Dig This: Food, Philosophy and Beyond

We started “Dig This!” several years ago, focusing on food and gardens.  Then we stopped the column, and now we are resurrecting “Dig This!” with adding two authors as well as broadening the scope of topics.  We do believe that sustainability moves beyond food and growing food.  There are also cultural paradigms which dictate how we view the world, how we decide what is important, how we educate our youth, etc.

We believe we are all part of the web of life. How we perceive a drone attack in Afghanistan, the use of pesticides on our food, geoengineering, domestic violence, self-reliance as well as how to grow food, for example, all stem from our cultural paradigms.  We want to explore this web of life, links, ethics, values in a weekly column.  We may even include a poem or two.

I would like to introduce the four authors to you.  First, Jim Collins, PhD, Eco-Psychology; organic farmer; and ceremonial leader in Lakota and Laika traditions.  Second, Wayne Kessler, former owner of Shambani Organics; former Peace Corps volunteer; and founding member of Growing Local.  Third, Doug Bennett, local talk show host on KKRN, 88.5 FM; community organizer; and retired general contractor.  Fourth, me, Pamela Spoto, educator; poet; and lover of all living things.

I think I would like to continue this first column with addressing sustainability, a word that certainly gets pushed around a lot and means different things to different people.  I especially like the definition that asks us to consider the future.  In fact, some Native American traditions believe that as we make a decision today, we need to consider that decision’s impact on seven generations into the future. Now that is tough, isn’t it?  We are talking over two hundred years.  Considering we are the “me, me, me” culture, and for some, which I can’t understand, we should be the Ayn Rand culture—celebrating the virtue of selfishness.  ME. ME. ME.  “Give me what I want and give it to me now, right now, because I am the most important thing on the planet.  In fact, I am more important than any other human as well.” This sounds like a mental illness.

This me, me, me notion is certainly in direct contradiction to the idea of contemplating, yes, simply contemplating.  But furthermore, it is in contradiction to contemplating future generations and their rights to enjoy the beauties, joys, loveliness of Mother Earth. The virtue of selfishness stands in contrast to keeping the air clean, the water pure, the soil healthy because selfishness says let’s just use up the resources and make as much profit as we can because I am entitled; I am special; I am the most important being on Earth.

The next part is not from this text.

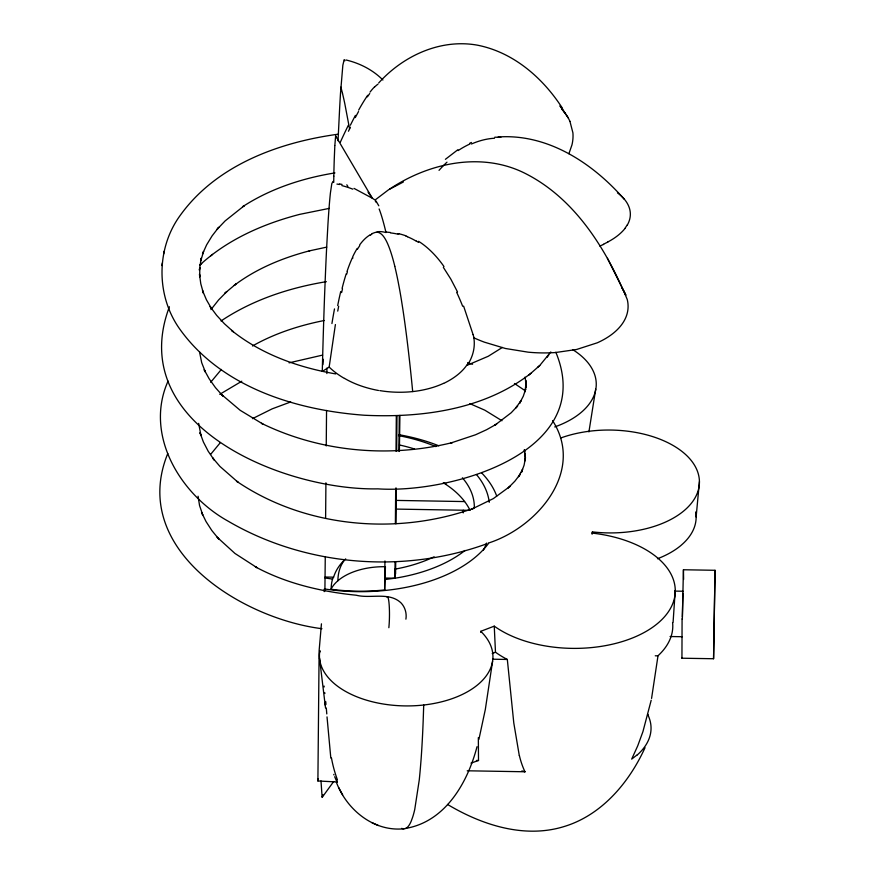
<?xml version="1.0" encoding="UTF-8"?>
<svg xmlns="http://www.w3.org/2000/svg" width="875" height="875" viewBox="0 0 875 875"><rect width="100%" height="100%" fill="white"/><g stroke="black" fill="none" stroke-linecap="round" stroke-linejoin="round"><path stroke-width="1.31" d="M683.605 579.469L683.462 569.756L715.061 570.292L713.562 658.733L681.942 658.219L682.084 618.8M338.461 134.159C279.092 142.188 216.267 165.091 180.13 215.512C155.827 248.839 156.034 296.603 180.338 329.875C222.031 387.516 296.264 410.233 364.383 415.242C421.903 418.009 484.302 409.686 530.928 373.275M336.448 779.942L337.214 781.988L317.898 780.97L319.123 650.672L321.442 623.831M324.439 591.117L324.461 588.941A140.23 80.227 0.5 0 0 488.523 543.419M324.898 590.942L325.27 556.544M325.609 518.306L325.916 482.803M326.244 445.933L326.55 410.43M326.867 373.559L326.922 368.102M333.736 182.317L333.812 176.159M384.65 589.925L385.438 566.716A55.639 31.828 0.5 0 0 330.98 589.247A130.112 74.441 0.5 0 0 384.65 589.925L384.945 560.941M384.738 579.556L394.909 578.211L395.052 561.827M395.38 523.589L395.697 488.086M396.014 451.216L396.32 415.712M395.172 574.273L395.216 569.089A114.942 65.767 0.5 0 0 434.12 556.795M395.708 561.991L395.577 573.978M396.036 523.72L396.353 488.184M396.67 451.27L396.987 415.734M398.956 451.183L399.263 415.647M399.383 451.456L399.919 415.363M463.236 512.892L463.258 510.223L463.192 512.148M592.397 533.378L592.419 531.88A89.884 51.428 0.5 0 0 697.791 472.238A89.884 51.428 0.5 0 0 560.798 437.97M682.336 619.216L683.419 569.767M682.369 616.973L682.927 593.261M592.102 534.209L592.419 531.88M322.58 359.406L322.273 371.438L329.153 367.106L335.398 324.548M423.719 704.977L423.205 720.07A491.816 84.908 83.9 0 1 421.061 759.741L420.438 767.375A348.206 60.113 83.9 0 1 419.245 780.041L414.75 809.43A188.377 32.517 83.9 0 1 412.738 816.911L411.458 820.498A147.284 25.43 83.9 0 1 401.702 828.363M384.792 578.047L394.909 578.211L395.216 569.089M338.034 140.755L339.598 109.003A112.842 4.112 -88 0 1 340.473 93.68L342.847 65.209L344.181 59.664L344.881 60.834M334.83 145.742L334.294 158.309A41.191 1.498 -88 0 0 333.812 176.159M334.841 145.447L335.639 135.855L372.345 198.253L375.058 200.025L388.555 189.766L403.331 182.011M673.094 622.256L675.238 590.472M317.898 780.97L318.095 778.652M322.864 364.7L323.323 359.308M324.231 591.631L324.461 588.941M325.183 705.097L325.412 702.384M696.128 516.972L699.431 481.655M682.041 657.508L681.953 658.197M480.67 632.308L480.802 631.302L494.255 626.15A101.697 58.188 0.5 0 0 660.855 620.572A101.697 58.188 0.5 0 0 592.134 533.094L592.145 533.05M595.7 389.156L588.919 431.911M492.57 661.358L485.308 709.559L478.92 739.331M163.647 253.991L164.052 251.366M161.908 265.573L162.323 262.927M405.902 619.161C406.875 613.353 405.114 607.163 401.012 602.886C389.102 591.566 370.672 598.948 356.169 595.219C321.3 591.686 286.387 583.581 255.358 566.836L256.966 567.656L234.97 553.459L217.131 537.217L218.859 539.12L211.816 530.491L206.03 521.544L201.523 512.334L202.748 514.905L199.566 505.575L198.067 496.213M715.028 570.303L713.562 658.733M322.93 794.85L322.131 797.3L320.994 780.97M337.728 311.117L338.658 306.294M651.569 698.425L657.989 655.845L655.266 655.791M651.197 700.219L642.939 731.609L637.722 745.85L631.684 759.117L637.186 754.852M341.6 292.6L342.508 288.837M477.028 746.692C467.611 782.567 445.484 821.658 405.639 828.417M346.577 274.389L347.331 272.048M168.066 381.095C143.938 435.006 180.458 494.802 228.178 521.194C304.97 566.103 402.752 574.208 486.281 543.977M167.792 453.48C128.866 548.778 241.325 618.625 321.934 628.698M568.892 153.727L571.933 144.988A115.248 65.931 0.5 0 0 572.906 132.803L569.931 121.319M352.636 258.366L352.92 257.742M169.411 306.764C124.338 426.289 284.605 490.766 377.869 488.852C450.253 493.752 597.428 452.714 555.844 352.242M348.447 131.239L350.438 127.148M645.028 747.688C629.103 782.666 601.617 815.38 563.664 826.678C524.092 838.742 481.753 824.917 447.53 804.442M355.294 117.578L358.52 111.562M627.277 224.864L624.925 228.408M357.405 249.222L359.745 245.634M468.705 362.523L466.911 365.203M210.963 309.619L218.575 299.972L226.713 291.736L224.864 293.278L235.944 283.959L234.237 285.392C256.561 268.505 282.909 257.753 309.859 250.742L309.072 250.939L326.725 247.122M210.689 382.287L221.364 369.436M367.402 96.841L369.731 93.537M528.795 375.145L539.744 365.498L550.812 351.947M547.138 357.295L548.811 354.845M210.634 454.387L220.369 442.597M322.284 797.191L333.67 781.539M378.667 83.005C403.167 55.792 440.442 38.544 477.345 45.161C513.581 52.237 543.069 78.039 562.548 108.434M445.397 159.316L457.909 149.702M537.513 367.456L539.744 365.498M329.273 208.381L299.797 214.342C263.386 223.759 227.763 239.367 199.817 265.059L201.666 263.517M210.82 255.806L212.527 254.373M502.359 347.452L488.25 356.267L467.633 365.072M221.025 320.972C252.438 299.906 289.22 287.777 326.353 281.673M219.745 394.33L241.795 381.227M369.873 235.364L371.722 234.281M252.47 345.986C274.663 333.408 299.261 325.445 324.22 320.513M389.572 189.131C429.078 162.706 482.245 151.178 526.127 173.884C575.619 199.292 606.484 249.714 627.233 299.447A85.509 48.923 0.5 0 1 628.042 308A83.278 47.644 0.5 0 1 627.145 313.567A80.861 46.266 0.5 0 1 597.297 342.803L576.548 349.497L555.461 352.537A95.758 54.786 0.5 0 1 528.128 352.166L505.433 348.491L484.269 342.125A143.5 82.108 0.5 0 1 474.031 337.903L473.113 334.677M252.459 418.655L272.18 408.844L290.708 401.953M607.819 242.047L603.422 244.256M443.647 383.294L443.57 383.338A70.853 40.545 0.5 0 1 412.694 391.584A70.995 40.622 0.5 0 1 379.969 390.633L379.783 390.622M469.853 143.161L471.439 142.472M488.217 543.134C536.823 527.669 585.309 471.658 552.595 420.645M519.291 755.595L513.789 722.947L507.325 659.455A99.783 57.094 0.5 0 1 495.48 652.214L492.231 653.548M478.341 737.636L478.505 760.484L470.991 763.131M376.469 232.389L378.416 231.963M289.089 362.841L322.569 355.108M334.928 172.911C302.389 178.183 270.288 188.672 242.539 206.762L244.333 205.636L225.116 220.927L217.164 229.272L218.772 227.259L212.089 235.9L206.631 244.847L202.486 254.034L203.569 251.486L200.791 260.761L201.195 258.136L199.38 270.178L199.784 267.52L199.73 276.981L199.511 274.312L200.791 283.773L203.394 293.147L202.497 290.533L206.423 299.786L211.641 308.798L210.109 306.567L216.661 315.361L224.459 323.794L233.428 331.822L231.591 330.411C261.384 354.364 298.419 367.5 335.737 373.92M494.812 137.2L500.85 137.364M498.116 136.981C547.837 133.448 592.922 163.308 624.367 199.369M403.9 828.767C373.592 831.939 346.631 809.561 336.383 782.294M476.438 760.462L478.505 760.484M397.195 500.423L464.559 501.572M396.55 509.097L469.973 510.344M325.095 577.03L333.594 577.172A52.741 43.258 1.9 0 1 345.691 558.873M674.909 591.095L683.069 591.237M670.075 636.519L682.314 636.727M492.537 659.203L507.325 659.455M467.228 770.788L525.087 771.772L521.861 770.919M319.692 650.716L319.977 651.941M390.447 232.488L385.755 232.039M325.019 577.981L332.5 579.064A54.184 30.997 0.5 0 1 333.594 577.172M377.3 232.181L377.803 232.28A189.197 32.659 83.9 0 1 379.673 232.991A138.37 23.887 83.9 0 1 382.255 234.97L382.583 235.32A105.525 18.222 83.9 0 1 385.033 238.656A87.598 15.127 83.9 0 1 394.8 266.252M398.508 435.619L399.744 435.848A130.112 74.441 0.5 0 1 435.805 446.578M339.423 183.892L342.048 184.439M397.797 233.647L398.891 233.898M345.92 59.959C359.712 63.175 372.903 69.902 382.911 80.008M467.622 362.742L472.566 364.241M405.869 236.009L407.488 236.644M469.886 403.648L484.837 410.189L501.977 420.744M354.025 188.388L372.345 198.253L368.036 192.161M371.82 822.588L378.317 825.53M344.433 378.448L342.388 377.234A99.367 56.853 0.5 0 1 329.175 367.095M416.391 241.073L418.578 242.441M514.456 383.491L525.066 390.655M375.998 200.955L378.777 205.789M443.363 267.356L450.811 279.081L457.527 291.966M564.823 112.777L560 105.809L568.214 117.895M347.878 186.452L346.806 184.789M337.214 781.988L336.448 780.533M338.789 787.697L342.65 794.905M647.609 714.055L648.003 714.886M607.414 258.278L625.866 295.236A93.975 53.769 0.5 0 0 621.906 287.908M335.661 135.877L335.814 137.812M463.608 306.108L473.08 334.567M333.758 774.408L333.977 774.987M524.355 449.805L524.978 451.686M340.9 87.106L342.508 93.45M394.789 266.339L395.631 269.905A102.244 17.653 83.9 0 1 398.092 281.466L399.634 289.625A133.766 23.089 83.9 0 1 401.395 299.906L402.981 310.002A193.287 33.37 83.9 0 1 405.103 324.855L406.295 333.889A269.959 46.605 83.9 0 1 408.548 352.373L409.227 358.312A348.469 60.156 83.9 0 1 412.114 385.689L412.683 391.552M524.923 377.147L526.247 383.458L525.58 380.155L525.831 387.723L525.973 384.366L524.869 391.891L525.777 388.741L523.305 396.178L519.487 403.452L520.964 400.816L515.791 407.925L517.672 405.891L511.175 412.781L494.637 425.381L496.639 424.069L486.598 429.712L475.541 434.777L450.691 443.045L452.353 442.586C389.156 458.227 320.086 452.003 261.472 423.303L262.905 424.069L240.166 410.298L221.452 394.45L222.972 396.08L215.447 387.625L209.169 378.809L204.17 369.709L205.362 371.973L201.698 362.698L199.544 351.958M524.256 450.133L525.372 456.433L525.055 453.294L525.055 460.852L525.47 457.581L524.114 465.106L521.402 472.489L522.572 469.416L518.492 476.689L520.341 474.064L514.894 481.163L508.2 487.944L510.442 486.073L493.347 498.597L471.997 509.031L473.944 508.189C396.758 535.861 304.773 527.745 236.502 481.163L238.153 482.377L219.953 466.441L212.614 457.855L214.156 459.988L208.152 451.161L203.416 442.039L199.981 432.709L200.977 435.498L198.647 423.369M349.584 128.888L344.783 103.578A111.847 19.305 83.9 0 0 342.508 93.45M330.816 758.067L327.02 716.888M325.533 707.984L319.517 658.295M324.078 686.055L324.177 686.963M324.8 692.705L324.888 693.514M325.686 701.509L325.97 704.419M326.298 708.05L326.791 713.945M495.48 652.214L494.255 626.15M465.041 550.462A130.112 74.441 0.5 0 1 394.909 578.211M476.405 474.512A130.112 74.441 0.5 0 1 489.234 502.316M399.438 444.981A114.942 65.767 0.5 0 1 414.477 448.984M462.394 477.794A114.942 65.767 0.5 0 1 474.338 507.303M443.286 482.77A114.942 65.767 0.5 0 1 469.941 510.125M337.903 580.748A55.639 38.227 49.2 0 1 344.816 559.705M331.155 589.269A55.475 44.417 21.7 0 1 332.533 579.075M561.695 109.069A91.842 52.544 0.5 0 1 569.898 121.33M617.455 192.839A60.255 34.475 0.5 0 1 627.386 224.886M625.034 228.441A74.933 42.875 0.5 0 1 607.753 242.003M603.63 244.409A114.198 65.341 0.5 0 1 599.791 246.017M473.867 337.914A109.791 62.814 0.5 0 1 468.989 362.578M466.78 365.181A81.255 46.484 0.5 0 1 444.095 383.206M378.459 390.491A81.955 46.889 0.5 0 1 344.542 378.394M371.711 233.833A107.253 42.908 -86.4 0 1 376.48 232.148M359.625 244.945A88.703 35.383 -85.8 0 1 369.863 235.025M352.658 256.9A80.391 31.38 -84.6 0 1 357.241 248.391M347.025 271.447A85.914 32.222 -83.6 0 1 352.428 257.666M342.103 288.345A100.702 35.164 -82.5 0 1 346.238 273.722M337.684 305.605A124.25 39.167 -81.8 0 1 340.725 291.55M331.931 323.553A159.534 43.061 -81.4 0 1 334.491 308.908M340.233 142.384A142.013 26.053 -68.4 0 1 348.359 125.245M390.567 232.914A139.552 78.619 64.1 0 1 397.895 234.161M398.869 233.745A110.239 62.923 65.6 0 1 405.847 235.812M407.509 236.797A88.266 50.258 65.3 0 1 416.38 241.238M418.6 241.325A74.222 42.153 65.3 0 1 443.975 266.525M456.673 292.327A125.486 68.173 64 0 1 462.667 306.283M375.309 201.086A98.722 8.958 75.7 0 1 376.359 202.519M379.137 208.95A57.772 6.409 80 0 1 385.995 232.575M378.416 231.623A131.578 52.664 -88.5 0 1 385.481 232.433M374.642 87.008A81.441 17.927 -71.3 0 1 377.934 84.208M370.027 92.116A78.444 16.745 -70.3 0 1 374.467 86.953M358.652 110.108A89.994 18.091 -69.2 0 1 367.708 95.288M350.394 125.202A114.067 22.159 -68.8 0 1 355.425 115.38M471.45 143.992A90.289 59.413 -56.6 0 1 494.517 138.239M458.117 150.577A90.552 62.169 -60.6 0 1 469.908 143.981M439.031 170.341A104.355 78.652 -66.7 0 1 446.983 162.17M322.591 359.341A224.591 8.181 -88 0 1 324.603 294.853L325.588 270.528A136.227 4.966 -88 0 1 326.659 247.45L327.961 223.934A104.606 3.806 -88 0 1 330.422 192.905L331.811 183.597L333.058 181.42A190.028 6.923 -88 0 1 333.484 182.317M486.587 543.08A130.112 74.441 0.5 0 1 483.361 550.134M336.941 184.089A14.547 3.992 12.6 0 1 339.588 184.505M341.83 185.588A34.573 13.092 15 0 1 352.822 189.175M319.867 650.727A86.855 49.689 0.5 0 0 423.73 705.009A86.844 49.689 0.5 0 0 480.769 631.312M572.961 349.792A88.692 50.739 0.5 0 1 554.728 426.934M337.389 779.734A176.706 146.158 5.9 0 1 331.472 758.002M657.464 558.753A88.725 50.761 0.5 0 0 681.045 545.377L681.33 545.103A88.134 50.422 0.5 0 0 695.658 511.984M672.602 622.541A99.214 56.766 0.5 0 1 657.934 655.823M647.894 714.897A86.855 49.689 0.5 0 1 637.317 754.906M336.262 780.172A137.211 80.237 0.1 0 1 334.677 776.727M524.967 771.805A114.352 93.778 1.9 0 1 519.389 755.573M398.781 434.678A140.23 80.227 0.5 0 1 438.845 445.812M481.677 472.927A140.23 80.227 0.5 0 1 496.705 496.092M443.691 482.781A140.23 80.227 0.5 0 1 445.9 483.766M387.012 597.209A18.966 2.242 -89.4 0 1 389.255 606.123A18.966 2.242 -89.4 0 1 388.85 627.703"/></g></svg>

I wonder why we view humans as more important than the trees, the animals, the air, the water and all other life.  We are indeed just one aspect of this great web of life; we are simply part of Mother Earth.

I suggest we would be much better off in all ways if we started cultivating values that are life-giving not life-destroying.  We can teach compassion and courage, wisdom and simplicity, integrity and honesty—if we choose.  We can teach cooperation.  It appears that we value competition,  struggle, materialism, the military-industrial complex, guns.  And yet we say we want peace and happiness. It’s all very curious to me.

I think I will focus on how lightly I can walk on this precious earth.  There’s much to be done and much for me to do.  Sustainability is a beautiful word.

Pamela Spoto is an educator, poet, and lover of all living things.